P-value is the probability under the null hypothesis of obtaining evidence as extreme or more extreme than would be observed by chance alone.

Consider an example:

H0
ratio of strokes among men and women is the same
HA
ratio of strokes among men and women is different

α = 0.05

We will use prop.test function for this:

# cholesterol <- health %>% select(gender, mortality) %>% 
#   mutate(b = as.integer(levels(health$mortality))[health$mortality]) %>% 
#   group_by(gender) %>% 
#   summarise(n = n(), #total number of observations
#             x = sum(b))
# 
# cholesterol
# result <- prop.test(x = c(cholesterol$x[1], cholesterol$x[2]),
#                     n = c(cholesterol$n[1], cholesterol$n[2]),
#                     alternative = "two.sided")
# result
# 
# print(paste0("Calculated p-value is: ", round(result$p.value, 3)))
# print(paste0("Significance level alpha is: 0.05"))
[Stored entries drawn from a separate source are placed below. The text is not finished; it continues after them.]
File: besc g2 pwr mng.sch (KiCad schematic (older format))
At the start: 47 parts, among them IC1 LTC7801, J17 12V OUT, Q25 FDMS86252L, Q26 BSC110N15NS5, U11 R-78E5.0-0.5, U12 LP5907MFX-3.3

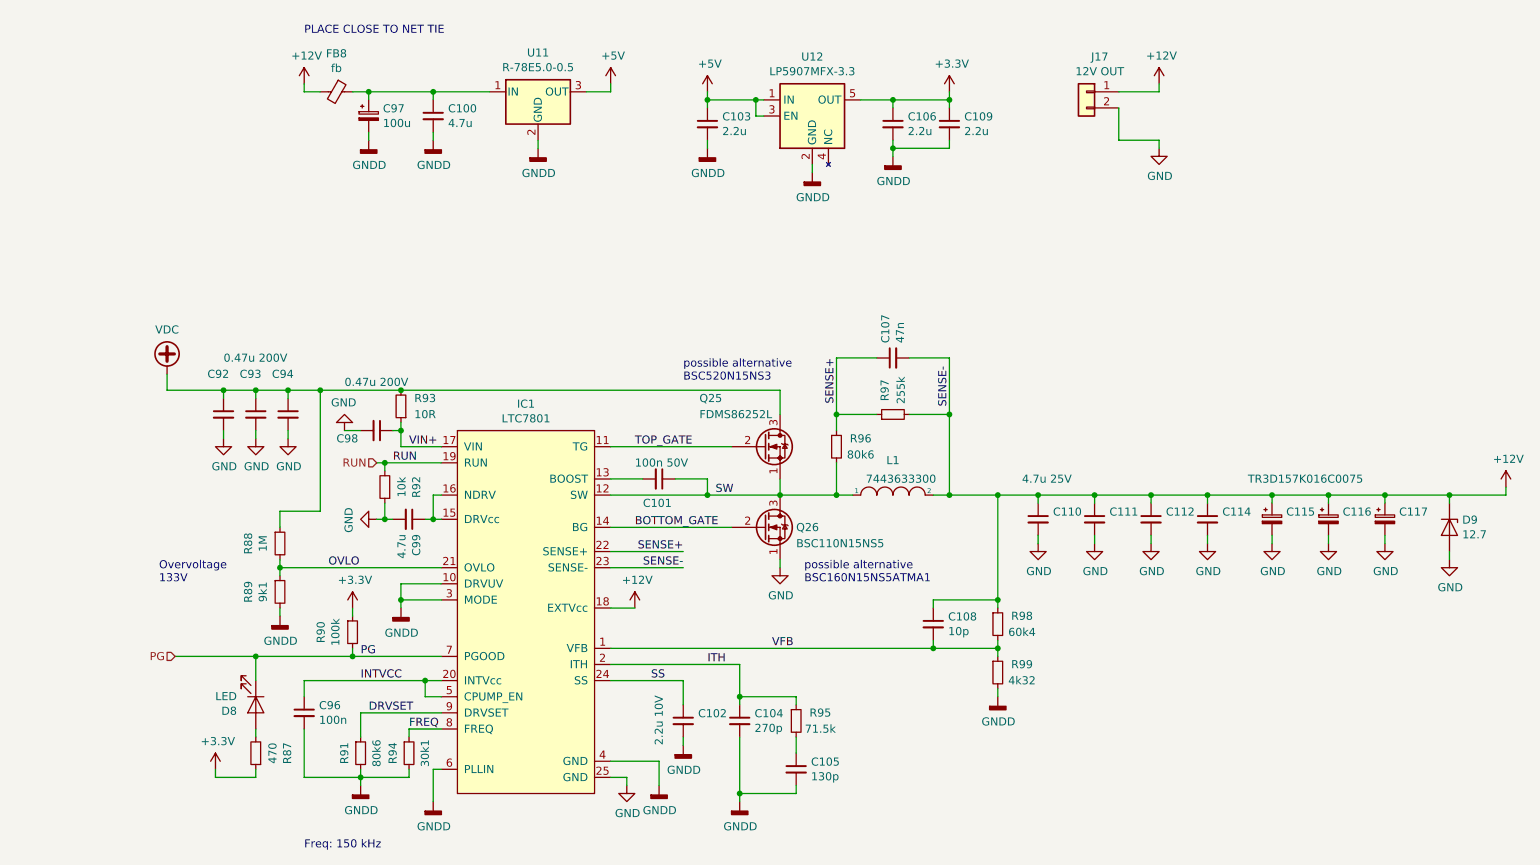
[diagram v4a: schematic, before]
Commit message: finished routing, added bom and step
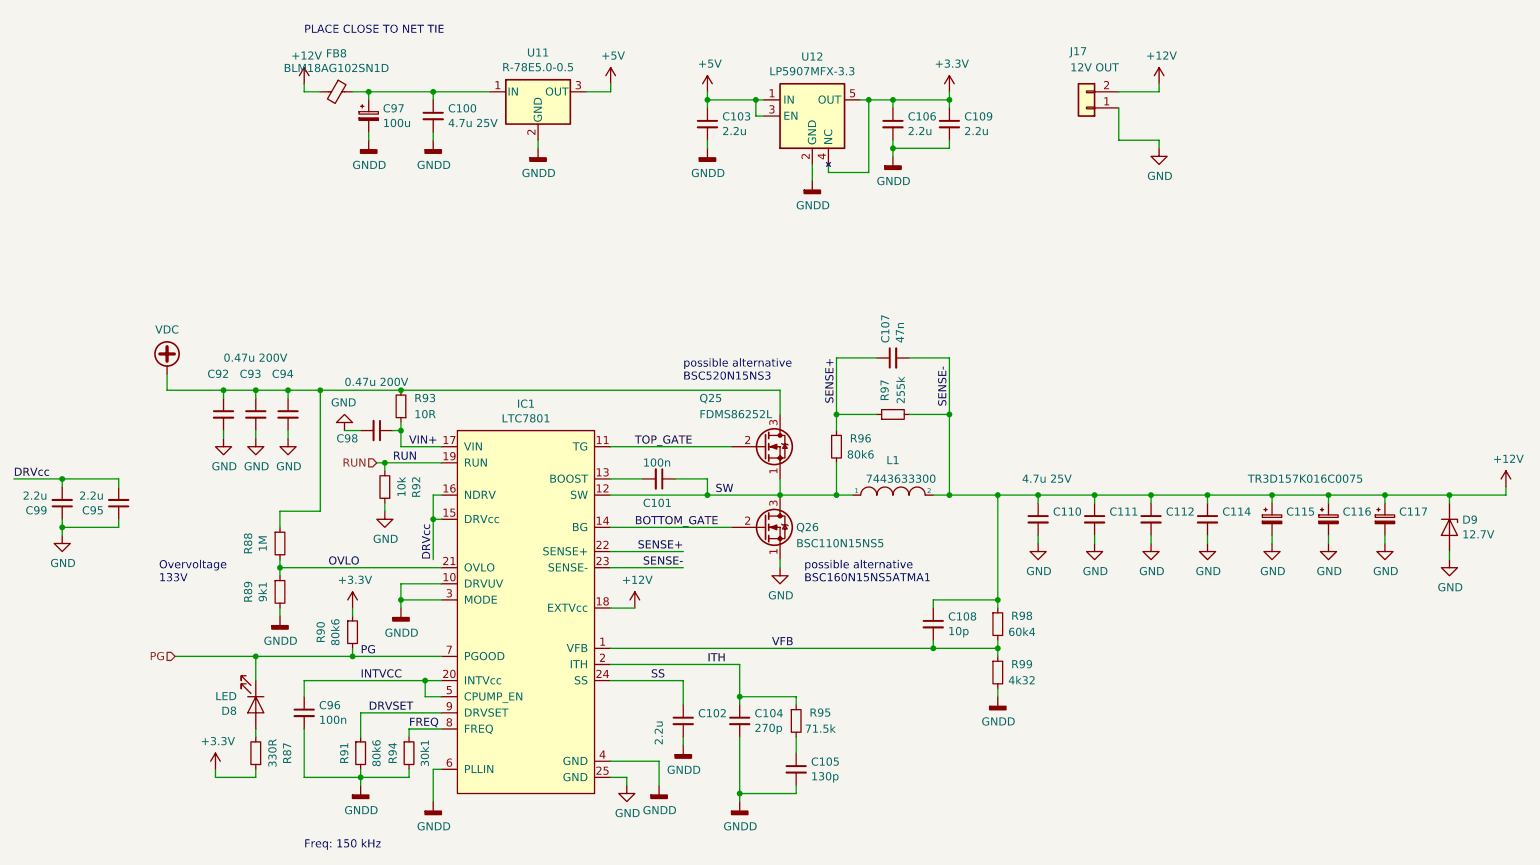
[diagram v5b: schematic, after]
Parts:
- added C95: 2.2u, Capacitor_SMD:C_0603_1608Metric, symbol Device:C_Small
- C100: value 4.7u -> 4.7u 25V
- C101: value 100n 50V -> 100n
- C102: value 2.2u 10V -> 2.2u
- C92, C93, C94, C98: footprint Capacitor_SMD:C_1206_3216Metric -> Capacitor_SMD:C_1210_3225Metric
- C99: value 4.7u -> 2.2u
- D9: value 12.7 -> 12.7V
- FB8: value fb -> BLM18AG102SN1D
- R87: value 470 -> 330R
- R90: value 100k -> 80k6
- R93: footprint Resistor_SMD:R_0603_1608Metric -> Resistor_SMD:R_0805_2012Metric
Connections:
- net +12V: now also J17.2 (Pin_2); no longer J17.1 (Pin_1)
- net +3V3: now also U12.4 (NC)
- net GND: now also C99.1, J17.1 (Pin_1), C95.1; no longer C99.2, J17.2 (Pin_2)
- net DRVcc: now reaches IC1.15 (DRVcc), IC1.16 (NDRV)
- net DRVcc: now also C99.2, C95.2; no longer C99.1
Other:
- moved on the sheet: C99
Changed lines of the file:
@@
 encoding utf-8
 Sheet 5 5
-Title ""
-Date ""
-Rev ""
-Comp ""
+Title "BESC Gen 2"
+Date "14.7.2019"
+Rev "init"
+Comp "e.pavlin.si"
 Comment1 ""
 Comment2 ""
@@
 P 3300 1600
 F 0 "FB8" V 3063 1600 50  0000 C CNN
-F 1 "fb" V 3154 1600 50  0000 C CNN
+F 1 "BLM18AG102SN1D" V 3154 1600 50  0000 C CNN
 F 2 "Inductor_SMD:L_0603_1608Metric" V 3230 1600 50  0001 C CNN
 F 3 "~" H 3300 1600 50  0001 C CNN
@@
 P 3900 1750
 F 0 "C100" H 3992 1796 50  0000 L CNN
-F 1 "4.7u" H 3992 1705 50  0000 L CNN
+F 1 "4.7u 25V" H 3992 1705 50  0000 L CNN
 F 2 "Capacitor_SMD:C_1206_3216Metric" H 3900 1750 50  0001 C CNN
 F 3 "~" H 3900 1750 50  0001 C CNN
@@
 L power:GNDD #PWR0154
 U 1 1 5DBF730C
-P 6250 2100
-F 0 "#PWR0154" H 6250 1850 50  0001 C CNN
-F 1 "GNDD" H 6254 1945 50  0000 C CNN
-F 2 "" H 6250 2100 50  0001 C CNN
-F 3 "" H 6250 2100 50  0001 C CNN
-	1    6250 2100
-	1    0    0    -1
-$EndComp
-Wire Wire Line
-	6250 2050 6250 2100
+P 6250 2150
+F 0 "#PWR0154" H 6250 1900 50  0001 C CNN
+F 1 "GNDD" H 6254 1995 50  0000 C CNN
+F 2 "" H 6250 2150 50  0001 C CNN
+F 3 "" H 6250 2150 50  0001 C CNN
+	1    6250 2150
+	1    0    0    -1
+$EndComp
 Wire Wire Line
 	5950 1650 5900 1650
@@
 	5600 1900 5600 1950
 Wire Wire Line
-	6550 1650 6750 1650
+	6550 1650 6600 1650
 Wire Wire Line
 	7100 1650 7100 1700
@@
 L Connector_Generic:Conn_01x02 J17
 U 1 1 5DC09E1F
-P 7950 1600
-F 0 "J17" H 7868 1817 50  0000 C CNN
-F 1 "12V OUT" H 7868 1726 50  0000 C CNN
-F 2 "conn-amass:AMASS_XT30U-M_1x02_P5.0mm_Vertical" H 7950 1600 50  0001 C CNN
-F 3 "~" H 7950 1600 50  0001 C CNN
-	1    7950 1600
-	-1   0    0    -1
+P 7950 1700
+F 0 "J17" H 8000 1350 50  0000 C CNN
+F 1 "12V OUT" H 7900 1450 50  0000 C CNN
+F 2 "conn-amass:AMASS_XT30U-M_1x02_P5.0mm_Vertical" H 7950 1700 50  0001 C CNN
+F 3 "~" H 7950 1700 50  0001 C CNN
+	1    7950 1700
+	-1   0    0    1
 $EndComp
 Wire Wire Line
@@
 AR Path="/5DBE359C/5CDAF81D" Ref="R90"  Part="1"
 F 0 "R90" V 3204 4950 50  0000 C CNN
-F 1 "100k" V 3295 4950 50  0000 C CNN
+F 1 "80k6" V 3295 4950 50  0000 C CNN
 F 2 "Resistor_SMD:R_0603_1608Metric" H 3400 4950 50  0001 C CNN
 F 3 "~" H 3400 4950 50  0001 C CNN
@@
 	5100 5850 5100 5900
 $Comp
-L Device:C_Small C102
-U 1 1 5CDAF866
-P 5450 5500
-F 0 "C102" H 5542 5546 50  0000 L CNN
-F 1 "2.2u 10V" V 5300 5350 50  0000 L CNN
-F 2 "Capacitor_SMD:C_0603_1608Metric" H 5450 5500 50  0001 C CNN
-F 3 "~" H 5450 5500 50  0001 C CNN
-	1    5450 5500
-	1    0    0    -1
-$EndComp
-$Comp
 L Device:C_Small C104
 U 1 1 5CDAF86C
@@
 P 5300 4000
 F 0 "C101" V 5450 3900 50  0000 L CNN
-F 1 "100n 50V" V 5200 3850 50  0000 L CNN
+F 1 "100n" V 5200 3900 50  0000 L CNN
 F 2 "Capacitor_SMD:C_0603_1608Metric" H 5300 4000 50  0001 C CNN
 F 3 "~" H 5300 4000 50  0001 C CNN
@@
 L power:GND #PWR0140
 U 1 1 5CDAF8D2
-P 3550 4250
-F 0 "#PWR0140" H 3550 4000 50  0001 C CNN
-F 1 "GND" H 3555 4077 50  0000 C CNN
-F 2 "" H 3550 4250 50  0001 C CNN
-F 3 "" H 3550 4250 50  0001 C CNN
-	1    3550 4250
-	0    1    1    0
-$EndComp
-Wire Wire Line
-	3650 4250 3600 4250
-Wire Wire Line
-	3850 4250 3900 4250
+P 3600 4200
+F 0 "#PWR0140" H 3600 3950 50  0001 C CNN
+F 1 "GND" H 3605 4027 50  0000 C CNN
+F 2 "" H 3600 4200 50  0001 C CNN
+F 3 "" H 3600 4200 50  0001 C CNN
+	1    3600 4200
+	1    0    0    -1
+$EndComp
 Wire Wire Line
 	3900 4100 3900 4250
-Connection ~ 3900 4250
 Wire Wire Line
 	3900 4250 3950 4250
@@
 F 0 "C92" H 2500 3850 50  0000 L CNN
 F 1 "0.47u 200V" H 2600 3950 50  0000 L CNN
-F 2 "Capacitor_SMD:C_1206_3216Metric" H 2600 3600 50  0001 C CNN
+F 2 "Capacitor_SMD:C_1210_3225Metric" H 2600 3600 50  0001 C CNN
 F 3 "~" H 2600 3600 50  0001 C CNN
 	1    2600 3600
@@
 L Device:C_Small C99
 U 1 1 5CDAF8E4
-P 3750 4250
-F 0 "C99" H 3842 4296 50  0000 L CNN
-F 1 "4.7u" H 3842 4205 50  0000 L CNN
-F 2 "Capacitor_SMD:C_0603_1608Metric" H 3750 4250 50  0001 C CNN
-F 3 "~" H 3750 4250 50  0001 C CNN
-	1    3750 4250
-	0    1    1    0
+P 1600 4150
+F 0 "C99" H 1692 4196 50  0000 L CNN
+F 1 "2.2u" H 1692 4105 50  0000 L CNN
+F 2 "Capacitor_SMD:C_0603_1608Metric" H 1600 4150 50  0001 C CNN
+F 3 "~" H 1600 4150 50  0001 C CNN
+	1    1600 4150
+	-1   0    0    1
 $EndComp
 $Comp
@@
 F 0 "C93" H 2700 3850 50  0000 L CNN
 F 1 "0.47u 200V" H 2892 3555 50  0001 L CNN
-F 2 "Capacitor_SMD:C_1206_3216Metric" H 2800 3600 50  0001 C CNN
+F 2 "Capacitor_SMD:C_1210_3225Metric" H 2800 3600 50  0001 C CNN
 F 3 "~" H 2800 3600 50  0001 C CNN
 	1    2800 3600
@@
 F 0 "C94" H 2900 3850 50  0000 L CNN
 F 1 "0.47u 200V" H 3092 3555 50  0001 L CNN
-F 2 "Capacitor_SMD:C_1206_3216Metric" H 3000 3600 50  0001 C CNN
+F 2 "Capacitor_SMD:C_1210_3225Metric" H 3000 3600 50  0001 C CNN
 F 3 "~" H 3000 3600 50  0001 C CNN
 	1    3000 3600
@@
 F 0 "R93" H 3550 3500 50  0000 C CNN
 F 1 "10R" H 3550 3600 50  0000 C CNN
-F 2 "Resistor_SMD:R_0603_1608Metric" H 3700 3550 50  0001 C CNN
+F 2 "Resistor_SMD:R_0805_2012Metric" H 3700 3550 50  0001 C CNN
 F 3 "~" H 3700 3550 50  0001 C CNN
 	1    3700 3550
@@
 F 0 "C98" V 3600 3450 50  0000 L CNN
 F 1 "0.47u 200V" V 3250 3500 50  0000 L CNN
-F 2 "Capacitor_SMD:C_1206_3216Metric" H 3550 3700 50  0001 C CNN
+F 2 "Capacitor_SMD:C_1210_3225Metric" H 3550 3700 50  0001 C CNN
 F 3 "~" H 3550 3700 50  0001 C CNN
 	1    3550 3700
@@
 $EndComp
 Wire Wire Line
-	3600 4150 3600 4250
-Connection ~ 3600 4250
-Wire Wire Line
-	3600 4250 3550 4250
+	3600 4150 3600 4200
 Wire Wire Line
 	3550 3900 3600 3900
@@
 AR Path="/5DBE359C/5CDAF96E" Ref="R87"  Part="1"
 F 0 "R87" V 2604 5700 50  0000 C CNN
-F 1 "470" V 2695 5700 50  0000 C CNN
+F 1 "330R" V 2695 5700 50  0000 C CNN
 F 2 "Resistor_SMD:R_0603_1608Metric" H 2800 5700 50  0001 C CNN
 F 3 "~" H 2800 5700 50  0001 C CNN
@@
 P 10200 4300
 F 0 "D9" V 10154 4379 50  0000 L CNN
-F 1 "12.7" V 10245 4379 50  0000 L CNN
+F 1 "12.7V" V 10245 4379 50  0000 L CNN
 F 2 "Diode_SMD:D_SMA" H 10200 4300 50  0001 C CNN
 F 3 "~" H 10200 4300 50  0001 C CNN
@@
 Wire Wire Line
 	3900 1600 4250 1600
+Wire Wire Line
+	6250 2050 6250 2150
+Wire Wire Line
+	6350 2100 6350 2050
+Connection ~ 6600 1650
+Wire Wire Line
+	6600 1650 6750 1650
+Wire Wire Line
+	6600 2100 6600 1650
+Wire Wire Line
+	6350 2100 6600 2100
+$Comp
+L Device:C_Small C102
+U 1 1 5CDAF866
+P 5450 5500
+F 0 "C102" H 5542 5546 50  0000 L CNN
+F 1 "2.2u" V 5300 5350 50  0000 L CNN
+F 2 "Capacitor_SMD:C_0603_1608Metric" H 5450 5500 50  0001 C CNN
+F 3 "~" H 5450 5500 50  0001 C CNN
+	1    5450 5500
+	1    0    0    -1
+$EndComp
+Text Label 3900 4500 1    50   ~ 0
+DRVcc
+Wire Wire Line
+	3900 4250 3900 4500
+Connection ~ 3900 4250
+Text Label 1300 4000 0    50   ~ 0
+DRVcc
+$Comp
+L Device:C_Small C95
+U 1 1 5D624C95
+P 1950 4150
+F 0 "C95" H 2042 4196 50  0000 L CNN
+F 1 "2.2u" H 2042 4105 50  0000 L CNN
+F 2 "Capacitor_SMD:C_0603_1608Metric" H 1950 4150 50  0001 C CNN
+F 3 "~" H 1950 4150 50  0001 C CNN
+	1    1950 4150
+	-1   0    0    1
+$EndComp
+Wire Wire Line
+	1950 4000 1950 4050
+Wire Wire Line
+	1600 4050 1600 4000
+Connection ~ 1600 4000
+Wire Wire Line
+	1600 4000 1950 4000
+Wire Wire Line
+	1300 4000 1600 4000
+$Comp
+L power:GND #PWR04
+U 1 1 5D642885
+P 1600 4350
+F 0 "#PWR04" H 1600 4100 50  0001 C CNN
+F 1 "GND" H 1605 4177 50  0000 C CNN
+F 2 "" H 1600 4350 50  0001 C CNN
+F 3 "" H 1600 4350 50  0001 C CNN
+	1    1600 4350
+	1    0    0    -1
+$EndComp
+Wire Wire Line
+	1600 4250 1600 4300
+Wire Wire Line
+	1600 4300 1950 4300
+Wire Wire Line
+	1950 4300 1950 4250
+Connection ~ 1600 4300
+Wire Wire Line
+	1600 4300 1600 4350
 $EndSCHEMATC

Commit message: added assembly drawing
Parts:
- U12: symbol Regulator_Linear:LP5907MFX-3.3 -> besc-g2-rescue:LP5907MFX-3.3-Regulator_Linear
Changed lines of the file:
@@
 	5000 1600 5000 1550
 $Comp
-L Regulator_Linear:LP5907MFX-3.3 U12
+L besc-g2-rescue:LP5907MFX-3.3-Regulator_Linear U12
 U 1 1 5DBF5F54
 P 6250 1750
+AR Path="/5DBF5F54" Ref="U12"  Part="1"
+AR Path="/5DBE359C/5DBF5F54" Ref="U12"  Part="1"
 F 0 "U12" H 6250 2117 50  0000 C CNN
 F 1 "LP5907MFX-3.3" H 6250 2026 50  0000 C CNN

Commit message: fixed schematic, added firmware files
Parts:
- IC1: symbol moje:LTC7801 -> besc-g2-rescue:LTC7801-moje
- U12: symbol besc-g2-rescue:LP5907MFX-3.3-Regulator_Linear -> besc-g2-rescue:LP5907MFX-3.3-Regulator_Linear-besc-g2-rescue
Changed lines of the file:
@@
 	5000 1600 5000 1550
 $Comp
-L besc-g2-rescue:LP5907MFX-3.3-Regulator_Linear U12
+L besc-g2-rescue:LP5907MFX-3.3-Regulator_Linear-besc-g2-rescue U12
 U 1 1 5DBF5F54
 P 6250 1750
@@
 $EndComp
 $Comp
-L moje:LTC7801 IC1
+L besc-g2-rescue:LTC7801-moje IC1
 U 1 1 5CDAFA6C
 P 4500 4850

We see that p.value<α so we reject the null hypothesis - there are not enough evidence to believe that ratio of strokes among men and women is the same.

#Statistical Power¶ Power is the probability of rejecting the null hypothesis whe it is false. The more power, the better!

Power=1−β In a power calculation, one fixes the sample size and other aspects of the study and calculates an estimate of the power. In a sample size calculation, one fixes the power then determines the minimum sample size to acheive it.